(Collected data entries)
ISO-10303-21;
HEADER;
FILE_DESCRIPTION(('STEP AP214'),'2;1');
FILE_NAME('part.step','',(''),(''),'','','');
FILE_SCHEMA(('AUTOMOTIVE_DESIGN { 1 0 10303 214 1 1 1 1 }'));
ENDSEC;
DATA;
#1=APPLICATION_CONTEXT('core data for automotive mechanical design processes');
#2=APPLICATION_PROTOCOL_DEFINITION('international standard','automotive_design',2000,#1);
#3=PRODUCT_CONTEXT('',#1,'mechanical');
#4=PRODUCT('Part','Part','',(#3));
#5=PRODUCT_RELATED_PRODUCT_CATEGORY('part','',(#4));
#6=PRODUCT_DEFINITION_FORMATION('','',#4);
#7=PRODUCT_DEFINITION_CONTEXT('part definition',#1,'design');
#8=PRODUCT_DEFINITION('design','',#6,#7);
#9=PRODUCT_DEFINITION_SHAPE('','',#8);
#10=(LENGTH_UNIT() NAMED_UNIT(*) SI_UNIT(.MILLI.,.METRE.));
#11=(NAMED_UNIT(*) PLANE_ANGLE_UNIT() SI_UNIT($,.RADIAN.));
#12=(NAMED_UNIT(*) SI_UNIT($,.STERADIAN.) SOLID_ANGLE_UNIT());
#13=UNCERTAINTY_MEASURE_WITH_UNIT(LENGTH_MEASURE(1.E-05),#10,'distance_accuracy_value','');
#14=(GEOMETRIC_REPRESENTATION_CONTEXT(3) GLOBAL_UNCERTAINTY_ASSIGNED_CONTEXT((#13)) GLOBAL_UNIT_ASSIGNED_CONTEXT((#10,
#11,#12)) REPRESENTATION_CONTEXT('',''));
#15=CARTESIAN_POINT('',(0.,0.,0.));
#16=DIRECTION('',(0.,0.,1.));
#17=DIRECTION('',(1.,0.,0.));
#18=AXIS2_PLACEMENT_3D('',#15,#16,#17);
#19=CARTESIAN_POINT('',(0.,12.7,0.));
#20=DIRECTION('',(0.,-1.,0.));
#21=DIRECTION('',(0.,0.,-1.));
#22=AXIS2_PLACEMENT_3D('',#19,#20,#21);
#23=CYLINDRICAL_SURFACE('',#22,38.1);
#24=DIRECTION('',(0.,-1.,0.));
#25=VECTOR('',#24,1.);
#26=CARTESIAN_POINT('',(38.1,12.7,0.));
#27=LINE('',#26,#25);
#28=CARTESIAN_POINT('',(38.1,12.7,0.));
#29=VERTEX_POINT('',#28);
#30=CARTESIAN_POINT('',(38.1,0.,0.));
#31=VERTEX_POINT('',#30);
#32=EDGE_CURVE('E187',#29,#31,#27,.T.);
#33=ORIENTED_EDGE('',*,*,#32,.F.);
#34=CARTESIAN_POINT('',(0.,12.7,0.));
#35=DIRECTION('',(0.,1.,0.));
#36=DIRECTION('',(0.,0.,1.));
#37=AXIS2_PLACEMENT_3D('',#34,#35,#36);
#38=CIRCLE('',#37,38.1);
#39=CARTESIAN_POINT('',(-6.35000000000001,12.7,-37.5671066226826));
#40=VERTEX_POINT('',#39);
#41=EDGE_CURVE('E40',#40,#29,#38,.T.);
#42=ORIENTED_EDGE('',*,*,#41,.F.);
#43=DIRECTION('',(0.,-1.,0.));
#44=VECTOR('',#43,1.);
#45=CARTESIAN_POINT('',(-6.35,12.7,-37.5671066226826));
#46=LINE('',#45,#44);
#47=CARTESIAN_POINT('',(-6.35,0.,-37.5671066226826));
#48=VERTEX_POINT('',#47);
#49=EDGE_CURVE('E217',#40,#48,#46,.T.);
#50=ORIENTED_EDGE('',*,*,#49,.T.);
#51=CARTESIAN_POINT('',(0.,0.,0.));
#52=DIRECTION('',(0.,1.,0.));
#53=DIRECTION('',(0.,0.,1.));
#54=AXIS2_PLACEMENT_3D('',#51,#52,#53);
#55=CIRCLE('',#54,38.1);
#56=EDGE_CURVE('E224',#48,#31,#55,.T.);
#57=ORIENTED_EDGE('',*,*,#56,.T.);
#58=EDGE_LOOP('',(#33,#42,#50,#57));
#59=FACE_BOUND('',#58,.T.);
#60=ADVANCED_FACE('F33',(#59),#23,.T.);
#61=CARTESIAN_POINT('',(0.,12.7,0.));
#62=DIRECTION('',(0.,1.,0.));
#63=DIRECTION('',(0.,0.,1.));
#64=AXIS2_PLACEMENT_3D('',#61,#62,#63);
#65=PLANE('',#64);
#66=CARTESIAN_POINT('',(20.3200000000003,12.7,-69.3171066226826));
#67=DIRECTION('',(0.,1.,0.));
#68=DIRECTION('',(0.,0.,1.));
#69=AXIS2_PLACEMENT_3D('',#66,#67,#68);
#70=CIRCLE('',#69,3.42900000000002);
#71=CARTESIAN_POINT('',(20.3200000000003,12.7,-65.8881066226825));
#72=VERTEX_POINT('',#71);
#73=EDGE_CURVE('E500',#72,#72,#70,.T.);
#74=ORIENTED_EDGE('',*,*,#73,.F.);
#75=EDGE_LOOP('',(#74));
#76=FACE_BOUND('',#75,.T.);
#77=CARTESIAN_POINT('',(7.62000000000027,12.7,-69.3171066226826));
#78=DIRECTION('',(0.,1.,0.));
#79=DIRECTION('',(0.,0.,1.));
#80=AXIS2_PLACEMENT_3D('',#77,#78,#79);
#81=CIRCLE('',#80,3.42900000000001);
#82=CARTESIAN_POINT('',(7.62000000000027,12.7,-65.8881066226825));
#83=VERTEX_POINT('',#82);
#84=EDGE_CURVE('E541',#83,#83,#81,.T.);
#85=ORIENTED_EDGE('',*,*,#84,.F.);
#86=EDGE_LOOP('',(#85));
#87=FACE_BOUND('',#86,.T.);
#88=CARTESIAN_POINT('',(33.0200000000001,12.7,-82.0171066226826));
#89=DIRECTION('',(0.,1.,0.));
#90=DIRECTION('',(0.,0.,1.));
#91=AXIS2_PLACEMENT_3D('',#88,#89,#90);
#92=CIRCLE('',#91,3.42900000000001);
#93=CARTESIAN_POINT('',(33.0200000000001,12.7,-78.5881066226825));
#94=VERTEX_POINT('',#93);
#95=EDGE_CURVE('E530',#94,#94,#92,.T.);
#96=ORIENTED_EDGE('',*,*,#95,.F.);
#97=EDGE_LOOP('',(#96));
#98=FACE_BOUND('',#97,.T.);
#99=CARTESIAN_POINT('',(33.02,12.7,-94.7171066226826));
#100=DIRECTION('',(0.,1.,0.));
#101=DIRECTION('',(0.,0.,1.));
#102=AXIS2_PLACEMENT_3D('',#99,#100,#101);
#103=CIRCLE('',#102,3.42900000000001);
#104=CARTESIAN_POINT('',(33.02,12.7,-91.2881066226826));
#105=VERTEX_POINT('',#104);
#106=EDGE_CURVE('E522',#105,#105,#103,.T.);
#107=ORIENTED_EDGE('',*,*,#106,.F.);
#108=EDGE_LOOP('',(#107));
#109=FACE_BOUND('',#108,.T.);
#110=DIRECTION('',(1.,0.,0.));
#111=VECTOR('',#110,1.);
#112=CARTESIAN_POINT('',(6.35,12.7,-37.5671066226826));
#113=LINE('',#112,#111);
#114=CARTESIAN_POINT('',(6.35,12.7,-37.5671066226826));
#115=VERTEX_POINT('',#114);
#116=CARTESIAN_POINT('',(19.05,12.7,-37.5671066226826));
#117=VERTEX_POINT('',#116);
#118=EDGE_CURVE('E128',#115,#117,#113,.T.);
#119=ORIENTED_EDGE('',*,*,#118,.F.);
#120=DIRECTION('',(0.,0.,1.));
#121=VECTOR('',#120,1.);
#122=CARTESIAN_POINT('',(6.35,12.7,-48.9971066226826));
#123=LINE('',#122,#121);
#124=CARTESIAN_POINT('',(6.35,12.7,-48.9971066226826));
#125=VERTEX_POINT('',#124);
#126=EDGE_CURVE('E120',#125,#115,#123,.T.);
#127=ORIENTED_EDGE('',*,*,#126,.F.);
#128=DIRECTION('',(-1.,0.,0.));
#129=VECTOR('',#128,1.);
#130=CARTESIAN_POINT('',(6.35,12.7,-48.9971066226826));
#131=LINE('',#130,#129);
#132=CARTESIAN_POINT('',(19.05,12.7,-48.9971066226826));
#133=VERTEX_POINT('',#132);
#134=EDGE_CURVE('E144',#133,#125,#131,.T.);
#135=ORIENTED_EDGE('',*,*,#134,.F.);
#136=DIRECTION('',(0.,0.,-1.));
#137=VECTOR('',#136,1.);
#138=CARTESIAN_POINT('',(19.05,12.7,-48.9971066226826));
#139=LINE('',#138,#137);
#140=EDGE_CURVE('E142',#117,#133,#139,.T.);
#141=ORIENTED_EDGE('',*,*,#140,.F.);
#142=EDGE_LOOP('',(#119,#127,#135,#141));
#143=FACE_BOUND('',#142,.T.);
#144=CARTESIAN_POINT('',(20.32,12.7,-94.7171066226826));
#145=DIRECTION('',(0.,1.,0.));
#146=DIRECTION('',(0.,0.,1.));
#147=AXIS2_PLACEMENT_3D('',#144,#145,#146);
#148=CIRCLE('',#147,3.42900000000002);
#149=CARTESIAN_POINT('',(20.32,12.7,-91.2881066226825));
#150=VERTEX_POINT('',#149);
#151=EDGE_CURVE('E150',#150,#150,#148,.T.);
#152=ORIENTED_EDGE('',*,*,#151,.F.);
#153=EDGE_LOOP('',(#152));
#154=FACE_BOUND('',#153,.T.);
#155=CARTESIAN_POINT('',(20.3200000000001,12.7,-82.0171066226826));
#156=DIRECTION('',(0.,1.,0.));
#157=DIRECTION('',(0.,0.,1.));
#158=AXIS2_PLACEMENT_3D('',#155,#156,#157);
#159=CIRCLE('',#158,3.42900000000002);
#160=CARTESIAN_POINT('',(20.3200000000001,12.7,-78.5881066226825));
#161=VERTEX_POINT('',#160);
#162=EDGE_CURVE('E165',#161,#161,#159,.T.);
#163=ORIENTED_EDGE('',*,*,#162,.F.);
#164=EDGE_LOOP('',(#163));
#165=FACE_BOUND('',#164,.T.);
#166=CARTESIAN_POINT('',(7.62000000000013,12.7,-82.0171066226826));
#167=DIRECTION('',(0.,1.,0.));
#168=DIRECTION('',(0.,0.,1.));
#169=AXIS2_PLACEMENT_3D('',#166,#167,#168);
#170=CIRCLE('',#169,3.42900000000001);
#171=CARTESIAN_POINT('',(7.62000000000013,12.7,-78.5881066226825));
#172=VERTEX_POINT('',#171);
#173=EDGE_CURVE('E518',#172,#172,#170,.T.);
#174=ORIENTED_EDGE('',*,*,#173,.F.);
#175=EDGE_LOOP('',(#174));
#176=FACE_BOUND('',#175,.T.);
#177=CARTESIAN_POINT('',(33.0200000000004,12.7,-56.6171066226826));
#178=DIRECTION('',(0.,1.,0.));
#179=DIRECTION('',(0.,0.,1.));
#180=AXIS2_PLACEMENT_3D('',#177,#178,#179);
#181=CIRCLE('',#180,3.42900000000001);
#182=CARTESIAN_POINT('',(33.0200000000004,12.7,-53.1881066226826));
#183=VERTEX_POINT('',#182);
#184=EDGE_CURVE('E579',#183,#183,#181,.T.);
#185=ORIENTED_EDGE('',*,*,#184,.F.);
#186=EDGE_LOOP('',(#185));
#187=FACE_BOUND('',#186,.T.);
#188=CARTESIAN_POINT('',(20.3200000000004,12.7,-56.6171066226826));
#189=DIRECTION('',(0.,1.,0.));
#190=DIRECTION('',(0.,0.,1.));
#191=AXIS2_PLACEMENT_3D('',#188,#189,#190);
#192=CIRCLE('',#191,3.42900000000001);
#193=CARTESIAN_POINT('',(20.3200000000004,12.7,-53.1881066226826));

## Task description
Above are the entries; repeat their lines exactly, from the first through the one that contains "#41=EDGE_CURVE('E40',#40,#29,#38,.T.);".

## Response
ISO-10303-21;
HEADER;
FILE_DESCRIPTION(('STEP AP214'),'2;1');
FILE_NAME('part.step','',(''),(''),'','','');
FILE_SCHEMA(('AUTOMOTIVE_DESIGN { 1 0 10303 214 1 1 1 1 }'));
ENDSEC;
DATA;
#1=APPLICATION_CONTEXT('core data for automotive mechanical design processes');
#2=APPLICATION_PROTOCOL_DEFINITION('international standard','automotive_design',2000,#1);
#3=PRODUCT_CONTEXT('',#1,'mechanical');
#4=PRODUCT('Part','Part','',(#3));
#5=PRODUCT_RELATED_PRODUCT_CATEGORY('part','',(#4));
#6=PRODUCT_DEFINITION_FORMATION('','',#4);
#7=PRODUCT_DEFINITION_CONTEXT('part definition',#1,'design');
#8=PRODUCT_DEFINITION('design','',#6,#7);
#9=PRODUCT_DEFINITION_SHAPE('','',#8);
#10=(LENGTH_UNIT() NAMED_UNIT(*) SI_UNIT(.MILLI.,.METRE.));
#11=(NAMED_UNIT(*) PLANE_ANGLE_UNIT() SI_UNIT($,.RADIAN.));
#12=(NAMED_UNIT(*) SI_UNIT($,.STERADIAN.) SOLID_ANGLE_UNIT());
#13=UNCERTAINTY_MEASURE_WITH_UNIT(LENGTH_MEASURE(1.E-05),#10,'distance_accuracy_value','');
#14=(GEOMETRIC_REPRESENTATION_CONTEXT(3) GLOBAL_UNCERTAINTY_ASSIGNED_CONTEXT((#13)) GLOBAL_UNIT_ASSIGNED_CONTEXT((#10,
#11,#12)) REPRESENTATION_CONTEXT('',''));
#15=CARTESIAN_POINT('',(0.,0.,0.));
#16=DIRECTION('',(0.,0.,1.));
#17=DIRECTION('',(1.,0.,0.));
#18=AXIS2_PLACEMENT_3D('',#15,#16,#17);
#19=CARTESIAN_POINT('',(0.,12.7,0.));
#20=DIRECTION('',(0.,-1.,0.));
#21=DIRECTION('',(0.,0.,-1.));
#22=AXIS2_PLACEMENT_3D('',#19,#20,#21);
#23=CYLINDRICAL_SURFACE('',#22,38.1);
#24=DIRECTION('',(0.,-1.,0.));
#25=VECTOR('',#24,1.);
#26=CARTESIAN_POINT('',(38.1,12.7,0.));
#27=LINE('',#26,#25);
#28=CARTESIAN_POINT('',(38.1,12.7,0.));
#29=VERTEX_POINT('',#28);
#30=CARTESIAN_POINT('',(38.1,0.,0.));
#31=VERTEX_POINT('',#30);
#32=EDGE_CURVE('E187',#29,#31,#27,.T.);
#33=ORIENTED_EDGE('',*,*,#32,.F.);
#34=CARTESIAN_POINT('',(0.,12.7,0.));
#35=DIRECTION('',(0.,1.,0.));
#36=DIRECTION('',(0.,0.,1.));
#37=AXIS2_PLACEMENT_3D('',#34,#35,#36);
#38=CIRCLE('',#37,38.1);
#39=CARTESIAN_POINT('',(-6.35000000000001,12.7,-37.5671066226826));
#40=VERTEX_POINT('',#39);
#41=EDGE_CURVE('E40',#40,#29,#38,.T.);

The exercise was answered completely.